なら安心!と掌に乗せられたタウンマップ。しっかり持たせるように、わたしの手を包んだナナミさん。そしてまたいつものにこにことした顔で部屋を出て行ってしまった。
「ナナミさん…」
『ななしちゃんの元気がない理由があの二人なら、ちゃんと話してこなきゃだめよ』
そっと耳元で言われた言葉。
しかし感動している暇もなく、急に背筋がぞわっとする。
「なんなの、これ。ななし…分かるように、簡潔に、説明してよ」
トキワまでの道のりを一人で行くより、ここにファイアくんといる方が危険な気がするのはわたしだけ?
***
「レッドも凄いんだか抜けてるんだか…」
理由を話せば素直について来てくれたファイアくん。道中慣れていないわたしがいるからなのか今日はロコンも一緒だ。
「ちゃんと渡せるかなぁ。その前に会えるかな…」
「トキワまでなら距離もないし大丈夫じゃないの?森に入ってたらお手上げだけどさ」
ありえない話じゃないかも。ポケモン大好きレッドくん、だもんなあ。
周りの森も念のためレッドくんを探してきょろきょろと歩いていれば、見えてくる町並み。距離がないとは云ってもちょっとした遠足だった。マサラタウン以外の街ははじめてなので、こんな状況だけどなんだかちょっとわくわくしてる。

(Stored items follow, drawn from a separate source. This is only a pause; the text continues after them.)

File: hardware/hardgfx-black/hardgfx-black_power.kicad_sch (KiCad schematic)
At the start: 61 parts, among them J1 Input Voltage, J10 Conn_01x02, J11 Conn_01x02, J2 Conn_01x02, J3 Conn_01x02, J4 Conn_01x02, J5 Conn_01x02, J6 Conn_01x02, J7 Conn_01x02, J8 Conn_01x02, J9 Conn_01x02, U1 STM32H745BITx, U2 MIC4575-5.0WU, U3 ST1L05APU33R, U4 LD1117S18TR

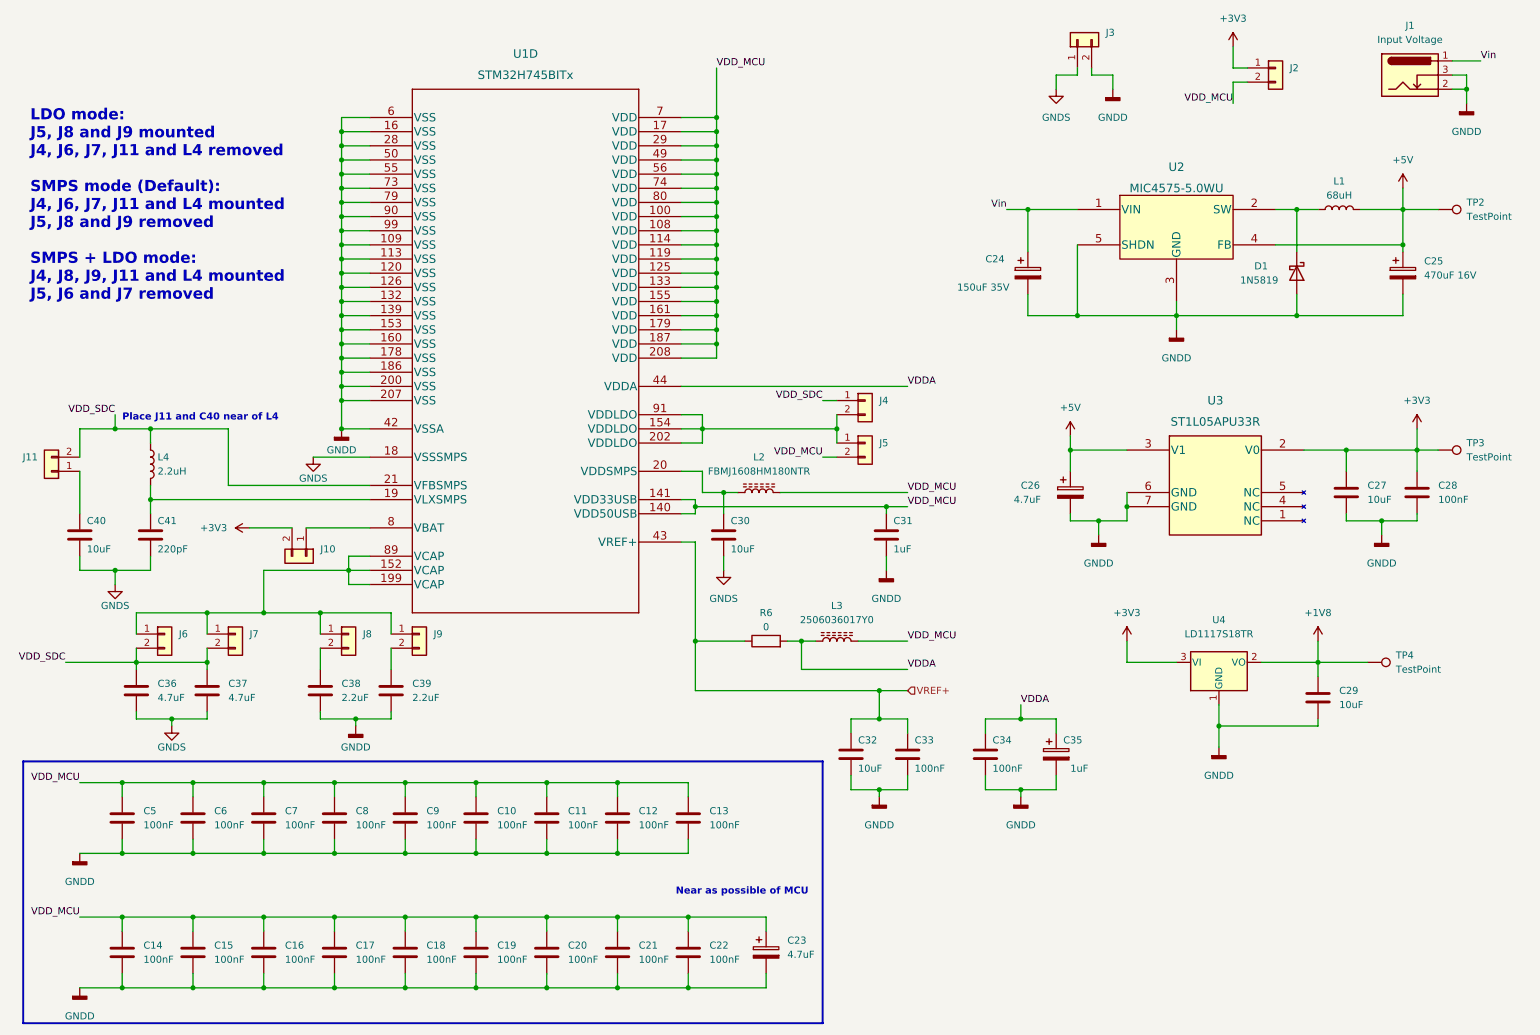
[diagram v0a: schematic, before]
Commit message: Finish first schematic version.
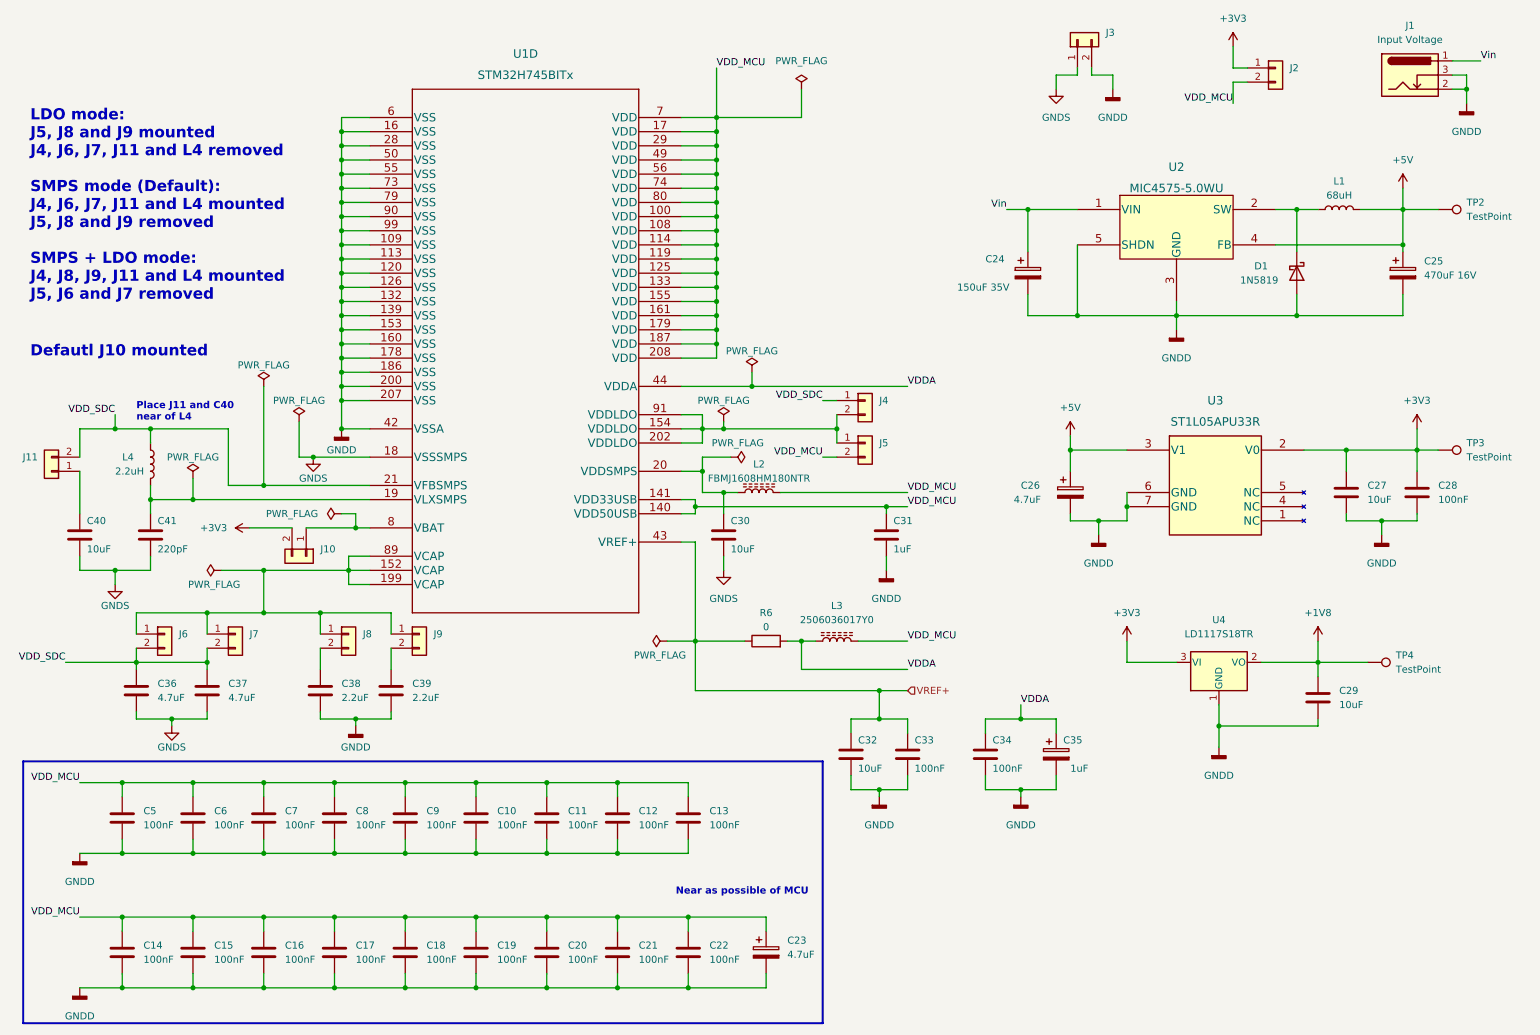
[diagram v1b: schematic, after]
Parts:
- J10, J11, J2, J3, J4, J5, J6, J7, J8, J9: MANUFACTURER Molex -> Samtec Inc.; digikey# 0423752486-ND -> SAM1029-02-ND; manf# 0423752486 -> TSW-102-07-G-S; mouser# 538-42375-2486 -> 200-TSW10207GS
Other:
- note added: "Defautl J10 mounted"

さっそくポケモンセンターにショップと、ファイアくんの助言でトレーナーなら寄りそうな場所を見て回ったけれど、残念ながら会うことは出来なかった。
「そういえばあっち側、まだ見てないね」
「ああ、けどあそこはリーグしかないから行っても多分意味ないよ」
「リーグ…」
グリーンくんから聞いていたチャンピオンの存在。まさかそんな凄い施設がこんな目と鼻の先にあったとは。観光目的なのだろうか人通りはあるし、ファイアくんに一応見てくる!と走り出そうとすれば、向こうから見知った顔がやって来た。
「ななし!?ファイアも、何やってんだよこんなとこで」
「それ、グリーンにも同じこと聞きたいんだけど」
かなり驚いた様子のグリーンくん。
無理もない、朝別れたばかりなのに、まさかの再会。どうしたという質問には、ファイアくんが目的を答えてくれた。
「姉ちゃん、レッドには貸すなって言ったのによ」
ふて腐れてなにかぶつぶつ言っている。グリーンくんに会えたのは嬉しいけど、本来マップを渡したい相手、レッドくんはもうトキワにいないのだろうか。
「レッドの奴ならさっきじーさんに届け物があるとか言ってたぜ、けど今いる場所はわかんねえな」
えぇぇ!?
そんな、まさかのすれ違い!?
「じゃあわたし、少し戻ってみる!」
「なら僕も、」
「ファイアくんは念のためここにいて!レッドくんがもしかしたら、まだトキワにいるかもしれないし!」
グリーンくんとファイアくんの制止も聞かないままわたしは走り出した。